Matthias-Christian Ott wrote:
Hi, on my small Xen-virtualised server with 48 MiB RAM I use Postfix and Dovecot, because the Debian administrators dislike qmail [1], which is in my opinion despite some maintainability and code quality issues a quite well designed software, because it mostly follows the UNIX principles.
Postfix is not able to sort my E-Mail into different Maildir folders
postfix can, with the help of other programs. "unix principles", you know ;-p
postfix can pass mail to any program you want. A wrapper would do something like
- pass the message to a filter.
- save the filtered message to a temp file
- parse the temp file to determine the destination folder
- run dovecot deliver with the -m option to specify the destination folder
of course, you need to catch errors.
maildrop may be a better tool at this job, though.
and after I looked at procmail's source code, I decided to use Dovecot's LDA, because it supports sieve via a plugin.
All in all it worked after some tweaking and Dovecot is now responsible for authentication and delivery.
Furthermore I want to setup a spam filter and due to the memory constraints I decided in favour of bogofilter (I made no real world tests, but the authors claim that it's fast and has a small memory footprint).
My first idea was train bogofilter via a cronjob that runs bogofilter for each E-Mail in my spam folder and deletes them afterwards. Then I stumbled upon the dovecot antispam [2] plugin and quickly wrote a backend for bogofilter. During the development I realised that bogofilter has to update the X-Bogosity header of the reclassified E-Mails.

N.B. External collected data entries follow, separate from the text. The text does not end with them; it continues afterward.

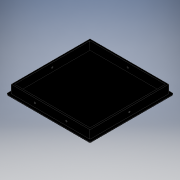
# Autodesk Inventor part: Nanolab CubeDeckel 1
Saved by Autodesk Inventor 2017 (Build 210142000, 142)
## iProperties
Part Number: Nanolab CubeDeckel 1
Material: Generisch
Document SubType Name: Modeling
Designer: David Merges
Density: 1 g/cm^3
Appearance: Eloxiert - schwarz
Author: David Merges
Autodesk Inventor part; units mm, degrees
ref_plane "YZ Plane" through (0, 0, 0) normal (1, 0, 0) x (0, 1, 0)
ref_plane "XZ Plane" through (0, 0, 0) normal (0, 1, 0) x (-1, 0, 0)
ref_plane "XY Plane" through (0, 0, 0) normal (0, 0, 1) x (1, 0, 0)
sketch "Skizze1" plane through (0, 0, 0) normal (0, 0, 1) x (1, 0, 0)
  line L0 (-50.8, 50.8) -> (50.8, 50.8)
  line L1 (50.8, 50.8) -> (50.8, -50.8)
  line L2 (50.8, -50.8) -> (-50.8, -50.8)
  line L3 (-50.8, -50.8) -> (-50.8, 50.8)
  line L4 (50.8, -50.8) -> (-50.8, 50.8) construction
  point P0 (0, 0)
  point P1 (0, 0)
  dimension "d0" = 101.6
  dimension "d1" = 101.6
  constraints: 10 end point, 2 parallel, 1 coincident, 1 horizontal, 1 midpoint, 1 perpendicular
  measures "d0" distance of L1.end L2.end
  measures "d1" distance of L0.end L1.end
extrude "Extrusion1" add sketch "Skizze1" against normal blind 2.0066
fillet "Rundung1" radius 2.0066 4 edges at (50.8, -50.8, -1.0033) (50.8, 50.8, -1.0033) (-50.8, 50.8, -1.0033) (-50.8, -50.8, -1.0033)
fillet "Rundung2" radius 2.0066 8 edges at (-50.2123, -50.2123, -2.0066) (-50.8, 0, -2.0066) (-50.2123, 50.2123, -2.0066) (0, 50.8, -2.0066) (50.2123, 50.2123, -2.0066) (50.8, 0, -2.0066) (50.2123, -50.2123, -2.0066) (0, -50.8, -2.0066)
sketch "Skizze2" plane through (0, 0, 0) normal (0, 0, 1) x (1, 0, 0)
  line L0 (-47.5996, 47.5996) -> (47.5996, 47.5996)
  line L1 (47.5996, 47.5996) -> (47.5996, -47.5996)
  line L2 (47.5996, -47.5996) -> (-47.5996, -47.5996)
  line L3 (-47.5996, -47.5996) -> (-47.5996, 47.5996)
  line L4 (47.5996, -47.5996) -> (-47.5996, 47.5996) construction
  line L5 (-45.593, 45.593) -> (45.593, 45.593)
  line L6 (45.593, 45.593) -> (45.593, -45.593)
  line L7 (45.593, -45.593) -> (-45.593, -45.593)
  line L8 (-45.593, -45.593) -> (-45.593, 45.593)
  line L9 (-45.593, -45.593) -> (45.593, 45.593) construction
  point P0 (0, 0)
  point P1 (0, 0)
  dimension "d6" = 95.1992
  dimension "d7" = 2.0066
  constraints: 20 end point, 4 parallel, 3 perpendicular, 2 horizontal, 2 midpoint, 2 point on line, 1 coincident
  measures "d6" distance of L0.start L0.end
  measures "d7" distance between parallel lines of L1 L6
extrude "Extrusion2" add sketch "Skizze2" along normal blind 9.9822
sketch "Skizze3" plane through (47.5996, -47.5996, 0) normal (1, 0, 0) x (0, 0, -1)
  line L0 (0, 95.1992) -> (0, 0) projected
  line L1 (0, 95.1992) -> (-9.9822, 95.1992) projected
  line L2 (-9.9822, 0) -> (-9.9822, 95.1992) projected
  line L3 (0, 0) -> (-9.9822, 0) projected
  line L4 (0, 47.5996) -> (-4.7752, 47.5996) construction
  line L5 (0, 95.1992) -> (0, 0) construction
  dimension "d10" = 4.7752
  constraints: 2 end point, 1 horizontal, 1 midpoint
  measures "d10" distance of L4.start L4.end
hole "Bohrung1" at (47.5996, 0, 4.7752) direction (-1, 0, 0) diameter 1.941 depth 7.675 tip angle 118 thread size "3-48 UNC" class "2B" standard "ANSI Unified Screw Threads"
pattern_circular "Runde Anordnung1" count 3 over 180 about axis through (0, 0, -10) along (0, 0, 1) of "Bohrung1"
sketch "Skizze4" plane through (-47.5996, -47.5996, 0) normal (0, -1, 0) x (1, 0, 0)
  line L0 (95.1992, 0) -> (0, 0) projected
  line L1 (95.1992, 0) -> (95.1992, 9.9822) projected
  line L2 (0, 9.9822) -> (95.1992, 9.9822) projected
  line L3 (0, 0) -> (0, 9.9822) projected
  line L4 (47.5996, 0) -> (47.5996, 4.7752) construction
  line L5 (28.5496, 4.7752) -> (66.6496, 4.7752) construction
  dimension "d21" = 4.7752
  dimension "d22" = 38.1
  constraints: 4 end point, 1 horizontal, 1 midpoint, 1 vertical
  measures "d21" distance of L4.end L4.start
  measures "d22" distance of L5.start L5.end
hole "Bohrung2" at (-19.05, -47.5996, 4.7752) at (19.05, -47.5996, 4.7752) direction (0, 1, 0) diameter 1.941 depth 7.675 tip angle 118 thread size "3-48 UNC" class "2B" standard "ANSI Unified Screw Threads"

Johannes Berg told me that he wasn't sure whether dovecot would be able to do this and recommended to ask this on the mailing list.
one possibility would be the file location.
- deliver the reclassified message
- if ok, delete the original one. this means the plugin needs to know
An other problem is that each mail needs to be initially classified and due to the fact that sieve is not able to execute external programmes, deliver has to do this task. I'm currently thinking of possibilities to implement this, so far I came up with the following:
- Write a generic pipe plugin which can execute an arbitrary number of programmes. The problem with this is that I'm not sure how to integrate this is in Dovecot's configuration file. I thought of something like this: pipe = prg1 | prg2
keep it simple ... if you need to pipe between multiple programs, just use shell wrappers.
- Write a bogofilter-specific plugin for this.
I guess we will end up with a foo-specific plugin, for every possible foo filter. A generic plugin is better even if that means executing shell wrappers.
Anyhow I would like to take this opportunity to criticise Dovecot for being a bloated (unnecessary abstractions, verbose, pseudo object-oriented, ...), non-suckless [3] and non-unixish (plugin architecture, monolithic design, ...) software which in return works quite well and stable so far.
<ot> non-unixish? well - plugins are simply loadable libraries. if you think they are windowish, you are wrong. They fit perfectly into the "simple pieces of code to do fewtasks" philosophy. just because dynamic libs weren't usable a long time ago doesn't mean unix should stick with old stuff.
the unix kernel is monolithic. loadable modules support has been added but the kernel is still a large piece of code.
and before I forget, my favourite provaction: unix is obsolete ;-p </ot>
I appreciate any suggestions, ideas or criticism. I would really like to finish configuring my mail server as soon as possible.